Automatic Knife Release Form
Use & Care
Caring for Your Cutlery
One aspect of caring for your knives is maintaining the edge and, when needed, sharpening the blade. But it’s also important to be aware of how you’re using your knives on a daily basis.
Kai cutlery is designed to be used in a smooth, slicing motion—never in an up-and-down “chopping” manner. Imagine cutting wood with a handsaw, then slice through your food with a similar motion, intentionally pushing the knife forward and down as you slice, then pulling it back toward your body. Always pay attention to where your ﬁngers are in relation to the knife. Your skill and experience level should determine the speed at which you cut. When ﬁrst using these knives, it’s best to slow down and enjoy the effortless precision and cutting ability of your new knife. The only exception is when using the Kai PRO cleaver, which can be chopped with.

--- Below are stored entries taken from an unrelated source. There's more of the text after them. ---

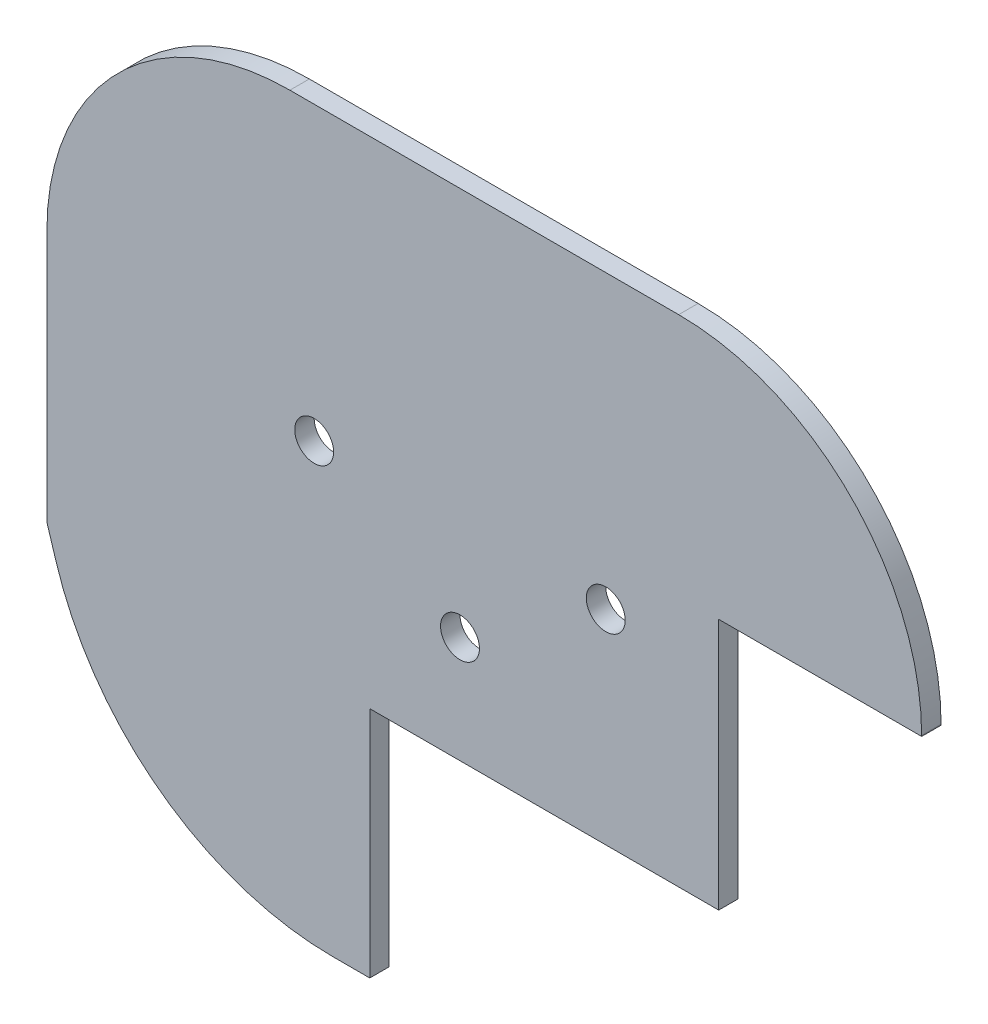
ISO-10303-21;
HEADER;
FILE_DESCRIPTION(('STEP AP214'),'2;1');
FILE_NAME('part.step','',(''),(''),'','','');
FILE_SCHEMA(('AUTOMOTIVE_DESIGN { 1 0 10303 214 1 1 1 1 }'));
ENDSEC;
DATA;
#1=APPLICATION_CONTEXT('core data for automotive mechanical design processes');
#2=APPLICATION_PROTOCOL_DEFINITION('international standard','automotive_design',2000,#1);
#3=PRODUCT_CONTEXT('',#1,'mechanical');
#4=PRODUCT('Part','Part','',(#3));
#5=PRODUCT_RELATED_PRODUCT_CATEGORY('part','',(#4));
#6=PRODUCT_DEFINITION_FORMATION('','',#4);
#7=PRODUCT_DEFINITION_CONTEXT('part definition',#1,'design');
#8=PRODUCT_DEFINITION('design','',#6,#7);
#9=PRODUCT_DEFINITION_SHAPE('','',#8);
#10=(LENGTH_UNIT() NAMED_UNIT(*) SI_UNIT(.MILLI.,.METRE.));
#11=(NAMED_UNIT(*) PLANE_ANGLE_UNIT() SI_UNIT($,.RADIAN.));
#12=(NAMED_UNIT(*) SI_UNIT($,.STERADIAN.) SOLID_ANGLE_UNIT());
#13=UNCERTAINTY_MEASURE_WITH_UNIT(LENGTH_MEASURE(1.E-05),#10,'distance_accuracy_value','');
#14=(GEOMETRIC_REPRESENTATION_CONTEXT(3) GLOBAL_UNCERTAINTY_ASSIGNED_CONTEXT((#13)) GLOBAL_UNIT_ASSIGNED_CONTEXT((#10,
#11,#12)) REPRESENTATION_CONTEXT('',''));
#15=CARTESIAN_POINT('',(0.,0.,0.));
#16=DIRECTION('',(0.,0.,1.));
#17=DIRECTION('',(1.,0.,0.));
#18=AXIS2_PLACEMENT_3D('',#15,#16,#17);
#19=CARTESIAN_POINT('',(0.,0.,0.));
#20=DIRECTION('',(0.,0.,1.));
#21=DIRECTION('',(1.,0.,0.));
#22=AXIS2_PLACEMENT_3D('',#19,#20,#21);
#23=PLANE('',#22);
#24=CARTESIAN_POINT('',(-8.65887450304571,10.5,0.));
#25=DIRECTION('',(0.,0.,1.));
#26=DIRECTION('',(1.,0.,0.));
#27=AXIS2_PLACEMENT_3D('',#24,#25,#26);
#28=CIRCLE('',#27,1.);
#29=CARTESIAN_POINT('',(-7.65887450304571,10.5,0.));
#30=VERTEX_POINT('',#29);
#31=EDGE_CURVE('E161',#30,#30,#28,.T.);
#32=ORIENTED_EDGE('',*,*,#31,.T.);
#33=EDGE_LOOP('',(#32));
#34=FACE_BOUND('',#33,.T.);
#35=CARTESIAN_POINT('',(-23.6588745030457,10.5,0.));
#36=DIRECTION('',(0.,0.,1.));
#37=DIRECTION('',(1.,0.,0.));
#38=AXIS2_PLACEMENT_3D('',#35,#36,#37);
#39=CIRCLE('',#38,1.);
#40=CARTESIAN_POINT('',(-22.6588745030457,10.5,0.));
#41=VERTEX_POINT('',#40);
#42=EDGE_CURVE('E345',#41,#41,#39,.T.);
#43=ORIENTED_EDGE('',*,*,#42,.T.);
#44=EDGE_LOOP('',(#43));
#45=FACE_BOUND('',#44,.T.);
#46=CARTESIAN_POINT('',(-16.1588745030457,5.5,0.));
#47=DIRECTION('',(0.,0.,1.));
#48=DIRECTION('',(1.,0.,0.));
#49=AXIS2_PLACEMENT_3D('',#46,#47,#48);
#50=CIRCLE('',#49,1.);
#51=CARTESIAN_POINT('',(-15.1588745030457,5.5,0.));
#52=VERTEX_POINT('',#51);
#53=EDGE_CURVE('E338',#52,#52,#50,.T.);
#54=ORIENTED_EDGE('',*,*,#53,.T.);
#55=EDGE_LOOP('',(#54));
#56=FACE_BOUND('',#55,.T.);
#57=CARTESIAN_POINT('',(-7.85,10.9354252578534,0.));
#58=DIRECTION('',(0.,0.,1.));
#59=DIRECTION('',(1.,0.,0.));
#60=AXIS2_PLACEMENT_3D('',#57,#58,#59);
#61=CIRCLE('',#60,5.2);
#62=CARTESIAN_POINT('',(-2.84887450304571,12.3597650219945,0.));
#63=VERTEX_POINT('',#62);
#64=CARTESIAN_POINT('',(-6.21588694243432,15.8719903101031,0.));
#65=VERTEX_POINT('',#64);
#66=EDGE_CURVE('E11',#63,#65,#61,.T.);
#67=ORIENTED_EDGE('',*,*,#66,.F.);
#68=DIRECTION('',(0.,1.,0.));
#69=VECTOR('',#68,1.);
#70=CARTESIAN_POINT('',(-2.8488745030457,0.,0.));
#71=LINE('',#70,#69);
#72=CARTESIAN_POINT('',(-2.8488745030457,0.,0.));
#73=VERTEX_POINT('',#72);
#74=EDGE_CURVE('E169',#73,#63,#71,.T.);
#75=ORIENTED_EDGE('',*,*,#74,.F.);
#76=DIRECTION('',(1.,0.,0.));
#77=VECTOR('',#76,1.);
#78=CARTESIAN_POINT('',(0.,0.,0.));
#79=LINE('',#78,#77);
#80=CARTESIAN_POINT('',(-20.8,0.,0.));
#81=VERTEX_POINT('',#80);
#82=EDGE_CURVE('E167',#81,#73,#79,.T.);
#83=ORIENTED_EDGE('',*,*,#82,.F.);
#84=DIRECTION('',(0.,1.,0.));
#85=VECTOR('',#84,1.);
#86=CARTESIAN_POINT('',(-20.8,0.,0.));
#87=LINE('',#86,#85);
#88=CARTESIAN_POINT('',(-20.8,-12.,0.));
#89=VERTEX_POINT('',#88);
#90=EDGE_CURVE('E165',#89,#81,#87,.T.);
#91=ORIENTED_EDGE('',*,*,#90,.F.);
#92=DIRECTION('',(1.,0.,0.));
#93=VECTOR('',#92,1.);
#94=CARTESIAN_POINT('',(0.,-12.,0.));
#95=LINE('',#94,#93);
#96=CARTESIAN_POINT('',(-22.7,-12.,0.));
#97=VERTEX_POINT('',#96);
#98=EDGE_CURVE('E163',#97,#89,#95,.T.);
#99=ORIENTED_EDGE('',*,*,#98,.F.);
#100=CARTESIAN_POINT('',(-22.7,2.9088745030457,0.));
#101=DIRECTION('',(0.,0.,1.));
#102=DIRECTION('',(1.,0.,0.));
#103=AXIS2_PLACEMENT_3D('',#100,#101,#102);
#104=CIRCLE('',#103,14.9088745030457);
#105=CARTESIAN_POINT('',(-36.9354968743474,-1.52115570994522,0.));
#106=VERTEX_POINT('',#105);
#107=EDGE_CURVE('E160',#106,#97,#104,.T.);
#108=ORIENTED_EDGE('',*,*,#107,.F.);
#109=DIRECTION('',(0.297140485828487,-0.954833771753812,0.));
#110=VECTOR('',#109,1.);
#111=CARTESIAN_POINT('',(-34.1059526361589,-10.6136373008019,0.));
#112=LINE('',#111,#110);
#113=CARTESIAN_POINT('',(-37.4088745030457,0.,0.));
#114=VERTEX_POINT('',#113);
#115=EDGE_CURVE('E157',#114,#106,#112,.T.);
#116=ORIENTED_EDGE('',*,*,#115,.F.);
#117=DIRECTION('',(0.,-1.,0.));
#118=VECTOR('',#117,1.);
#119=CARTESIAN_POINT('',(-37.4088745030457,0.,0.));
#120=LINE('',#119,#118);
#121=CARTESIAN_POINT('',(-37.4088745030457,13.,0.));
#122=VERTEX_POINT('',#121);
#123=EDGE_CURVE('E96',#122,#114,#120,.T.);
#124=ORIENTED_EDGE('',*,*,#123,.F.);
#125=CARTESIAN_POINT('',(-24.9088745030457,13.,0.));
#126=DIRECTION('',(0.,0.,1.));
#127=DIRECTION('',(1.,0.,0.));
#128=AXIS2_PLACEMENT_3D('',#125,#126,#127);
#129=CIRCLE('',#128,12.5);
#130=CARTESIAN_POINT('',(-24.9088745030457,25.5,0.));
#131=VERTEX_POINT('',#130);
#132=EDGE_CURVE('E90',#131,#122,#129,.T.);
#133=ORIENTED_EDGE('',*,*,#132,.F.);
#134=DIRECTION('',(-1.,0.,0.));
#135=VECTOR('',#134,1.);
#136=CARTESIAN_POINT('',(0.,25.5,0.));
#137=LINE('',#136,#135);
#138=CARTESIAN_POINT('',(-4.90887450304571,25.5,0.));
#139=VERTEX_POINT('',#138);
#140=EDGE_CURVE('E147',#139,#131,#137,.T.);
#141=ORIENTED_EDGE('',*,*,#140,.F.);
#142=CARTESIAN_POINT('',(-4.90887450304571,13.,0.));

Please do not use Kai knives on bones, joints, or frozen foods. Most Kai knives are designed for precision slicing rather than crushing down through hard materials. The Kai PRO Asian Multi-Prep is perfect for cutting between joints and the Kai PRO Asian Utility works well on small bones. For heavy-duty cutting, we recommend the Kai PRO Meat Cleaver.
The cutting surface you use makes a big difference in keeping your knives sharp. A good cutting board will help retain a sharp edge substantially longer. Medium-soft woods, such as hinoki, are preferred. Tile, ceramic, synthetic, marble, granite, or any kind of glass cutting boards are not recommended and can be very hard on your knives.
Washing & drying
It is important to protect your investment by hand washing your knives with gentle dish soap. Do not use soaps with citrus extracts or bleach; they can promote rust. Hold the knife flat against the back wall of the sink. Gently wash the exposed side with warm, soapy water. Turn the knife over and repeat. Rinse and towel dry immediately. Do not leave your knife sitting in a sink full of soapy water. It is hard on metals to be submerged in water for prolonged periods, and it’s a danger when you reach in.
Handwashing is also the best way to care for the wood handles of your knives. Although the wood has been stabilized, it is natural wood and, like all wood, will tend to shrink in very arid environments and swell in very humid environments. The handle color may change slightly over time due to oils in the hand as well as the natural color change of wood from oxidation and/or exposure to light. This is not a defect, but a natural part of the process.
After handwashing your knives, dry them immediately using a soft and absorbent dishtowel. Leaving water or any dampness on your knives can cause rusting. A thorough drying will help maintain your knives properly. Allowing them to air dry for a little while before storing helps, too.
It is best to store your Kai cutlery in a wooden block, in-drawer knife tray, sheath, or knife case. Do not store your knives unsheathed in a drawer.
Single-bevel blade care
The Wasabi line features several single-beveled blades. In addition to the general care above, you can give your single-beveled blade some additional TLC to enhance its razor-like qualities.
Like those of most manufacturers, Wasabi single-beveled blades have a micro-bevel on the blade back. This enables you to use the blade right out of the box—and to be able to touch up the edge using a smooth hone or 6000-grit whetstone.
These knives can be further sharpened and shaped using a method known as uraoshi. The uraoshi process can be done by the knife owner using a series of progressively finer-grit whetstones or by a professional sharpening service.
Uraoshi flattens the back of the blade along the edge and the spine. The slight hollow in the blade back, which helps food release from the blade, remains in the blade's center; only the edges are completely flattened. Since there's no angle to maintain, this makes sharpening easier; you simply pull the blade flat across the whetstone. It reduces sharpening effort, too, since you're only concerned with the edges and not the entire back of the blade. Further, it strengthens the edge.
That said, uraoshi sharpening is a learned skill and we recommend having a professional sharpener do this for you unless you are an accomplished sharpener yourself.